И десятилетний Павлик поехал до оврага и обратно. Один.
Со стороны кому-то могло показаться, что Робино излишне суров с детьми. Он и на самом деле не сюсюкал с ними, не приседал перед малышами, так сказать, на корточки, не очень обцеловывал их подросших, только не из-за черствости душевной, а в силу своего особого понимания, что есть настоящая любовь. Соучаствовать, действовать и мыслить вместе — это главное, полагал Робино, это и есть любовь без притворства и самообмана.
АВТОР: Сколько календарей сменилось в моем бутылочном дворце, считать не будем. Суть не в том. В бутылочном доме мы не столько жили, сколько пользовались им. Чаще — летом, реже — зимой. Женская половина семьи относилась к дому без особого почтения, а вот мы с Павликом очень уважали это сооружение и всячески старались его усовершенствовать и украсить. Никаких особых раздоров с нашими женщинами не возникало. Просто жили и там и там, в московской трехкомнатной квартире и при аэродроме.

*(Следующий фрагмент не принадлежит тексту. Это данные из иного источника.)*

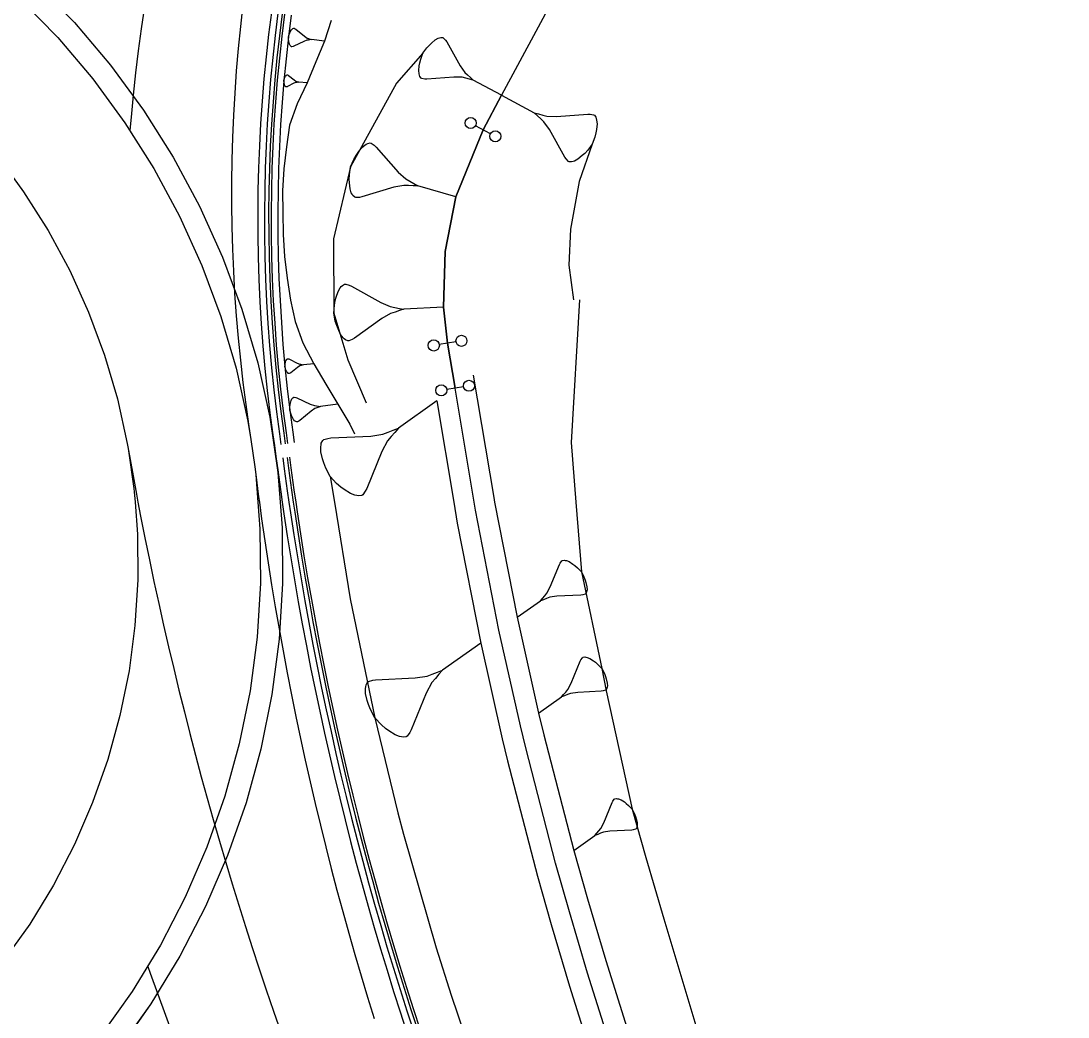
# Model space of a CAD drawing. Extents: x 383808 to 384559, y 802827 to 803490.
# Drawn here: x 384020.2 to 384067.16, y 803176.92 to 803221.59 of the extents above; entities that cross this region are included whole.
import ezdxf

# ---------------------------------------------------------------- set-up
doc = ezdxf.new("R2010")
doc.units = 0
doc.layers.get('0').update_dxf_attribs({"linetype": 'CONTINUOUS'})

msp = doc.modelspace()

# ---------------------------------------------------------------- linework, layer by layer
at = {"color": 7}
for p, q in [((384032.2302, 803220.9836), (384032.2548, 803221.0483)), ((384032.2548, 803221.0483), (384032.2774, 803221.0964)), ((384032.2774, 803221.0964), (384032.3206, 803221.1758)), ((384032.3206, 803221.1758), (384032.3599, 803221.2218)), ((384032.3599, 803221.2218), (384032.3785, 803221.2365)), ((384032.3785, 803221.2365), (384032.3972, 803221.2512)), ((384032.3972, 803221.2512), (384032.4325, 803221.264)), ((384032.4325, 803221.264), (384032.4491, 803221.262)), ((384032.4491, 803221.262), (384032.4972, 803221.2394)), ((384032.4972, 803221.2394), (384032.5286, 803221.2188)), ((384032.5286, 803221.2188), (384032.9137, 803220.9027)), ((384032.1998, 803220.8689), (384032.2302, 803220.9836)), ((384032.2026, 803220.7502), (384032.1998, 803220.8689)), ((384032.2114, 803220.6816), (384032.2026, 803220.7502)), ((384032.2221, 803220.6296), (384032.2114, 803220.6816)), ((384032.2456, 803220.5423), (384032.2221, 803220.6296)), ((384032.8861, 803220.6693), (384032.4378, 803220.4519)), ((384033.0274, 803220.7202), (384032.8861, 803220.6693)), ((384032.9137, 803220.9027), (384033.0392, 803220.8202)), ((384033.096, 803220.729), (384033.0274, 803220.7202)), ((384033.0392, 803220.8202), (384033.1039, 803220.7957)), ((384033.1647, 803220.7378), (384033.096, 803220.729)), ((384033.1039, 803220.7957), (384033.1686, 803220.7711)), ((384033.2333, 803220.7465), (384033.1647, 803220.7378)), ((384033.1686, 803220.7711), (384033.2333, 803220.7465)), ((384033.8168, 803220.6774), (384033.2333, 803220.7465)), ((384038.5197, 803220.5057), (384038.6146, 803220.5951)), ((384038.6146, 803220.5951), (384038.7849, 803220.7375)), ((384038.7849, 803220.7375), (384038.9161, 803220.8074)), ((384038.9161, 803220.8074), (384038.9719, 803220.8242)), ((384038.9719, 803220.8242), (384039.0277, 803220.8409)), ((384039.0277, 803220.8409), (384039.1199, 803220.8382)), ((384039.1199, 803220.8382), (384039.1562, 803220.8186)), ((384039.1562, 803220.8186), (384039.2456, 803220.7237)), ((384039.2456, 803220.7237), (384039.2986, 803220.6484)), ((384039.2986, 803220.6484), (384039.8937, 803219.5792)), ((384032.273, 803220.4883), (384032.2456, 803220.5423)), ((384032.2877, 803220.4697), (384032.273, 803220.4883)), ((384032.3024, 803220.451), (384032.2877, 803220.4697)), ((384032.3338, 803220.4304), (384032.3024, 803220.451)), ((384032.3505, 803220.4285), (384032.3338, 803220.4304)), ((384032.4024, 803220.4392), (384032.3505, 803220.4285)), ((384032.4378, 803220.4519), (384032.4024, 803220.4392)), ((384038.1318, 803219.8717), (384038.2322, 803220.1454)), ((384038.2322, 803220.1454), (384038.4053, 803220.38)), ((384038.4053, 803220.38), (384038.5197, 803220.5057)), ((384038.0677, 803219.5785), (384038.09, 803219.707)), ((384038.09, 803219.707), (384038.1318, 803219.8717)), ((384032.1038, 803219.1448), (384032.1155, 803219.1546)), ((384032.1155, 803219.1546), (384032.138, 803219.1634)), ((384032.138, 803219.1634), (384032.1487, 803219.1625)), ((384032.1487, 803219.1625), (384032.18, 803219.1488)), ((384038.0427, 803219.358), (384038.0677, 803219.5785)), ((384038.0567, 803219.21), (384038.0427, 803219.358)), ((384038.0734, 803219.1542), (384038.0567, 803219.21)), ((384038.0902, 803219.0983), (384038.0734, 803219.1542)), ((384039.8937, 803219.5792), (384040.106, 803219.2777)), ((384040.106, 803219.2777), (384040.2317, 803219.1633)), ((384040.2317, 803219.1633), (384040.3574, 803219.0489)), ((384031.9957, 803218.9053), (384032.0131, 803218.9795)), ((384031.9997, 803218.8291), (384031.9957, 803218.9053)), ((384032.0066, 803218.7851), (384031.9997, 803218.8291)), ((384032.0144, 803218.7519), (384032.0066, 803218.7851)), ((384032.0131, 803218.9795), (384032.0277, 803219.0216)), ((384032.0311, 803218.6962), (384032.0144, 803218.7519)), ((384032.0277, 803219.0216), (384032.0414, 803219.0529)), ((384032.0497, 803218.662), (384032.0311, 803218.6962)), ((384032.0414, 803219.0529), (384032.0677, 803219.1047)), ((384032.0677, 803219.1047), (384032.0921, 803219.135)), ((384032.0921, 803219.135), (384032.1038, 803219.1448)), ((384032.4404, 803218.7896), (384032.1563, 803218.6417)), ((384032.18, 803219.1488), (384032.2005, 803219.1361)), ((384032.2005, 803219.1361), (384032.4539, 803218.9401)), ((384032.5303, 803218.8249), (384032.4404, 803218.7896)), ((384032.4539, 803218.9401), (384032.536, 803218.8894)), ((384032.5742, 803218.8318), (384032.5303, 803218.8249)), ((384032.536, 803218.8894), (384032.5781, 803218.8748)), ((384032.6182, 803218.8387), (384032.5742, 803218.8318)), ((384032.5781, 803218.8748), (384032.6201, 803218.8602)), ((384032.6621, 803218.8456), (384032.6182, 803218.8387)), ((384032.6201, 803218.8602), (384032.6621, 803218.8456)), ((384033.0384, 803218.8119), (384032.6621, 803218.8456)), ((384038.1433, 803219.0229), (384038.0902, 803219.0983)), ((384038.1796, 803219.0034), (384038.1433, 803219.0229)), ((384038.308, 803218.9811), (384038.1796, 803219.0034)), ((384038.4002, 803218.9784), (384038.308, 803218.9811)), ((384039.6203, 803219.0709), (384038.4002, 803218.9784)), ((384039.9889, 803219.0599), (384039.6203, 803219.0709)), ((384040.1536, 803219.0181), (384039.9889, 803219.0599)), ((384040.3184, 803218.9763), (384040.1536, 803219.0181)), ((384040.4831, 803218.9344), (384040.3184, 803218.9763)), ((384040.3574, 803219.0489), (384040.4831, 803218.9344)), ((384041.7538, 803218.2508), (384040.4831, 803218.9344)), ((384032.0595, 803218.6503), (384032.0497, 803218.662)), ((384032.0693, 803218.6386), (384032.0595, 803218.6503)), ((384032.0899, 803218.6259), (384032.0693, 803218.6386)), ((384032.1006, 803218.625), (384032.0899, 803218.6259)), ((384032.1338, 803218.6328), (384032.1006, 803218.625)), ((384032.1563, 803218.6417), (384032.1338, 803218.6328)), ((384041.7538, 803218.2508), (384043.2204, 803217.4618)), ((384043.2204, 803217.4618), (384043.4105, 803217.4135)), ((384043.3655, 803217.3297), (384043.2204, 803217.4618)), ((384043.5105, 803217.1976), (384043.3655, 803217.3297)), ((384043.4105, 803217.4135), (384043.6007, 803217.3652)), ((384043.6007, 803217.3652), (384043.7909, 803217.317)), ((384043.7909, 803217.317), (384044.2163, 803217.3042)), ((384044.2163, 803217.3042), (384045.6246, 803217.4111)), ((384045.6246, 803217.4111), (384045.7309, 803217.4079)), ((384045.7309, 803217.4079), (384045.8792, 803217.3822)), ((384045.8792, 803217.3822), (384045.9211, 803217.3596)), ((384045.9211, 803217.3596), (384045.9823, 803217.2726)), ((384043.6556, 803217.0656), (384043.5105, 803217.1976)), ((384043.9006, 803216.7176), (384043.6556, 803217.0656)), ((384045.9823, 803217.2726), (384046.0017, 803217.2082)), ((384046.0017, 803217.2082), (384046.0211, 803217.1438)), ((384046.0372, 803216.973), (384046.0083, 803216.7183)), ((384046.0211, 803217.1438), (384046.0372, 803216.973)), ((384044.5875, 803215.4835), (384043.9006, 803216.7176)), ((384045.9343, 803216.3799), (384045.8184, 803216.0641)), ((384045.9826, 803216.5701), (384045.9343, 803216.3799)), ((384046.0083, 803216.7183), (384045.9826, 803216.5701)), ((384035.3208, 803215.6875), (384035.4875, 803215.9033)), ((384035.4875, 803215.9033), (384035.6264, 803216.0217)), ((384035.6264, 803216.0217), (384035.689, 803216.0566)), ((384035.689, 803216.0566), (384035.7516, 803216.0914)), ((384035.7516, 803216.0914), (384035.8628, 803216.1125)), ((384035.8628, 803216.1125), (384035.9115, 803216.0986)), ((384035.9115, 803216.0986), (384036.0438, 803216.0084)), ((384036.0438, 803216.0084), (384036.1274, 803215.932)), ((384036.1274, 803215.932), (384037.1235, 803214.8065)), ((384045.8184, 803216.0641), (384045.6187, 803215.7933)), ((384035.1265, 803215.3742), (384035.2306, 803215.5552)), ((384035.2306, 803215.5552), (384035.3208, 803215.6875)), ((384044.6488, 803215.3965), (384044.5875, 803215.4835)), ((384044.752, 803215.287), (384044.6488, 803215.3965)), ((384045.3771, 803215.545), (384045.1806, 803215.3806)), ((384045.4866, 803215.6482), (384045.3771, 803215.545)), ((384045.6187, 803215.7933), (384045.4866, 803215.6482)), ((384034.9326, 803214.6923), (384034.9808, 803215.0471)), ((384034.9808, 803215.0471), (384035.1265, 803215.3742)), ((384044.7939, 803215.2645), (384044.752, 803215.287)), ((384044.9002, 803215.2613), (384044.7939, 803215.2645)), ((384044.9647, 803215.2806), (384044.9002, 803215.2613)), ((384045.0291, 803215.3), (384044.9647, 803215.2806)), ((384045.1806, 803215.3806), (384045.0291, 803215.3)), ((384034.9259, 803214.4836), (384034.9326, 803214.6923)), ((384034.9331, 803214.3236), (384034.9259, 803214.4836)), ((384037.1235, 803214.8065), (384037.4578, 803214.5008)), ((384037.4578, 803214.5008), (384037.6388, 803214.3967)), ((384034.9613, 803214.0524), (384034.9331, 803214.3236)), ((384035.0172, 803213.8786), (384034.9613, 803214.0524)), ((384036.9296, 803214.1245), (384035.4904, 803213.6914)), ((384037.3747, 803214.2086), (384036.9296, 803214.1245)), ((384037.5834, 803214.2019), (384037.3747, 803214.2086)), ((384037.792, 803214.1952), (384037.5834, 803214.2019)), ((384037.6388, 803214.3967), (384037.8197, 803214.2926)), ((384038.0007, 803214.1886), (384037.792, 803214.1952)), ((384037.8197, 803214.2926), (384038.0007, 803214.1886)), ((384039.7055, 803213.7039), (384038.0007, 803214.1886)), ((384035.052, 803213.816), (384035.0172, 803213.8786)), ((384035.0869, 803213.7535), (384035.052, 803213.816)), ((384035.1704, 803213.6771), (384035.0869, 803213.7535)), ((384035.2192, 803213.6632), (384035.1704, 803213.6771)), ((384035.3791, 803213.6704), (384035.2192, 803213.6632)), ((384035.4904, 803213.6914), (384035.3791, 803213.6704)), ((384034.6167, 803209.7247), (384034.7154, 803209.7812)), ((384034.7154, 803209.7812), (384034.7663, 803209.7841)), ((384034.7663, 803209.7841), (384034.9216, 803209.7419)), ((384034.3404, 803209.1993), (384034.4277, 803209.4591)), ((384034.4277, 803209.4591), (384034.5208, 803209.6173)), ((384034.5208, 803209.6173), (384034.5687, 803209.671)), ((384034.5687, 803209.671), (384034.6167, 803209.7247)), ((384034.9216, 803209.7419), (384035.0261, 803209.6968)), ((384035.0261, 803209.6968), (384036.3424, 803208.9553)), ((384034.2281, 803208.4792), (384034.2588, 803208.8378)), ((384034.2588, 803208.8378), (384034.2982, 803209.044)), ((384034.2982, 803209.044), (384034.3404, 803209.1993)), ((384036.3424, 803208.9553), (384036.7605, 803208.775)), ((384034.299, 803208.1263), (384034.2281, 803208.4792)), ((384036.7777, 803208.4701), (384036.3826, 803208.2439)), ((384036.7605, 803208.775), (384036.9666, 803208.7356)), ((384036.9781, 803208.5324), (384036.7777, 803208.4701)), ((384036.9666, 803208.7356), (384037.1727, 803208.6963)), ((384037.1785, 803208.5947), (384036.9781, 803208.5324)), ((384037.1727, 803208.6963), (384037.3789, 803208.6569)), ((384037.3789, 803208.6569), (384037.1785, 803208.5947)), ((384039.1576, 803208.7573), (384037.3789, 803208.6569)), ((384034.3613, 803207.9259), (384034.299, 803208.1263)), ((384034.4207, 803207.7763), (384034.3613, 803207.9259)), ((384036.3826, 803208.2439), (384035.1579, 803207.3591)), ((384034.5366, 803207.528), (384034.4207, 803207.7763)), ((384034.6469, 803207.3813), (384034.5366, 803207.528)), ((384034.7006, 803207.3333), (384034.6469, 803207.3813)), ((384034.7543, 803207.2853), (384034.7006, 803207.3333)), ((384034.8588, 803207.2403), (384034.7543, 803207.2853)), ((384034.9096, 803207.2431), (384034.8588, 803207.2403)), ((384035.0592, 803207.3025), (384034.9096, 803207.2431)), ((384035.1579, 803207.3591), (384035.0592, 803207.3025)), ((384032.0415, 803206.0909), (384032.0458, 803206.1855)), ((384032.0639, 803205.9989), (384032.0415, 803206.0909)), ((384032.0458, 803206.1855), (384032.054, 803206.2401)), ((384032.054, 803206.2401), (384032.0634, 803206.2814)), ((384032.0634, 803206.2814), (384032.0837, 803206.3506)), ((384032.0837, 803206.3506), (384032.1064, 803206.3932)), ((384032.1064, 803206.3932), (384032.1185, 803206.4078)), ((384032.1185, 803206.4078), (384032.1305, 803206.4224)), ((384032.1305, 803206.4224), (384032.1559, 803206.4383)), ((384032.1559, 803206.4383), (384032.1692, 803206.4396)), ((384032.1692, 803206.4396), (384032.2105, 803206.4302)), ((384032.2105, 803206.4302), (384032.2384, 803206.4194)), ((384032.2384, 803206.4194), (384032.5923, 803206.2384)), ((384032.6104, 803206.0518), (384032.2978, 803205.8063)), ((384032.5923, 803206.2384), (384032.7041, 803206.1954)), ((384032.7118, 803206.1154), (384032.6104, 803206.0518)), ((384032.7041, 803206.1954), (384032.7587, 803206.1872)), ((384032.7639, 803206.1339), (384032.7118, 803206.1154)), ((384032.7587, 803206.1872), (384032.8133, 803206.179)), ((384032.8159, 803206.1524), (384032.7639, 803206.1339)), ((384032.8133, 803206.179), (384032.8679, 803206.1709)), ((384032.8679, 803206.1709), (384032.8159, 803206.1524)), ((384033.3344, 803206.216), (384032.8679, 803206.1709)), ((384032.0824, 803205.9469), (384032.0639, 803205.9989)), ((384032.0996, 803205.9082), (384032.0824, 803205.9469)), ((384032.1327, 803205.8441), (384032.0996, 803205.9082)), ((384032.1632, 803205.8067), (384032.1327, 803205.8441)), ((384032.1778, 803205.7947), (384032.1632, 803205.8067)), ((384032.1924, 803205.7826), (384032.1778, 803205.7947)), ((384032.2204, 803205.7719), (384032.1924, 803205.7826)), ((384032.2337, 803205.7732), (384032.2204, 803205.7719)), ((384032.2724, 803205.7904), (384032.2337, 803205.7732)), ((384032.2978, 803205.8063), (384032.2724, 803205.7904)), ((384040.5269, 803200), (384039.6733, 803205.1226)), ((384032.3178, 803204.5658), (384032.3539, 803204.6381)), ((384032.3539, 803204.6381), (384032.3734, 803204.6632)), ((384032.3734, 803204.6632), (384032.3929, 803204.6883)), ((384032.3929, 803204.6883), (384032.4346, 803204.7161)), ((384032.4346, 803204.7161), (384032.4569, 803204.7189)), ((384032.4569, 803204.7189), (384032.5264, 803204.705)), ((384032.5264, 803204.705), (384032.5738, 803204.6884)), ((384032.5738, 803204.6884), (384033.1751, 803204.4021)), ((384032.2597, 803204.1288), (384032.2623, 803204.2874)), ((384032.3015, 803203.9758), (384032.2597, 803204.1288)), ((384032.2623, 803204.2874), (384032.2734, 803204.3793)), ((384032.2734, 803204.3793), (384032.2873, 803204.4489)), ((384032.2873, 803204.4489), (384032.3178, 803204.5658)), ((384033.1751, 803204.4021), (384033.3644, 803204.3355)), ((384033.3812, 803204.2019), (384033.2142, 803204.0905)), ((384033.3644, 803204.3355), (384033.4562, 803204.3244)), ((384033.4674, 803204.2353), (384033.3812, 803204.2019)), ((384033.4562, 803204.3244), (384033.5481, 803204.3133)), ((384033.5537, 803204.2688), (384033.4674, 803204.2353)), ((384033.5481, 803204.3133), (384033.6399, 803204.3022)), ((384033.6399, 803204.3022), (384033.5537, 803204.2688)), ((384034.4191, 803204.4002), (384033.6399, 803204.3022)), ((384038.857, 803204.5451), (384037.1285, 803203.3223)), ((384038.857, 803204.5451), (384039.6143, 803200)), ((384032.335, 803203.8895), (384032.3015, 803203.9758)), ((384032.3656, 803203.8255), (384032.335, 803203.8895)), ((384032.4241, 803203.7198), (384032.3656, 803203.8255)), ((384032.477, 803203.6586), (384032.4241, 803203.7198)), ((384032.5021, 803203.6391), (384032.477, 803203.6586)), ((384032.7025, 803203.6643), (384032.6607, 803203.6365)), ((384033.2142, 803204.0905), (384032.7025, 803203.6643)), ((384032.5272, 803203.6197), (384032.5021, 803203.6391)), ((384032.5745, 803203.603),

В ту пору, о которой веду речь, девочки наши остались в городе, а мы под охраной заматеревшей овчарки, некогда подаренной «Рязанью», ее звали — Рекс, находились на ближних подступах к летному полю. Я еще летал, хотя по всем нормам полагалось уже и честь знать. Теоретически все было ясно, как дважды два, только уходить с летной работы на самом деле — это все равно, что вылезать из собственной шкуры. Но день был назначен, день подкрался, день этот пришел.
Мы поднялись чуть свет в тот день и сразу, не мешкая, отправились на аэродром. Легкий ночной туманец лениво сползал с летного поля. На траве лежала искристая, прохладная роса, ветра совсем не было. С поля тянуло тончайшим, совершенно особенным аэродромным запахом. Не скажу, будто чувство умиротворенности, излучаемое всем окружающим, охватило меня. Решение было принято, это верно, но оставалось еще его исполнить.
— Как настроение? — спросил я Павлика.
— Настроение? Настроение — бодрое. Идем ко дну… — с некоторых пор он старался острить во что бы то ни стало, к месту и не к месту. — А если серьезно, нормальное настроение.
Машина была готова. Механик прогрел мотор и, когда мы подошли к стоянке, он принялся снимать струбцинки с элеронов и с хвостового оперения.
— Осмотри машину, Павлик.
— Есть! — И он пошел в обход самолета — от винта, вдоль правой плоскости и дальше, как предписывало наставление по производству полетов.
Механик, старый авиационный волк, подмигнул мне, дескать, не слишком ли строго с мальчишкой обходишься?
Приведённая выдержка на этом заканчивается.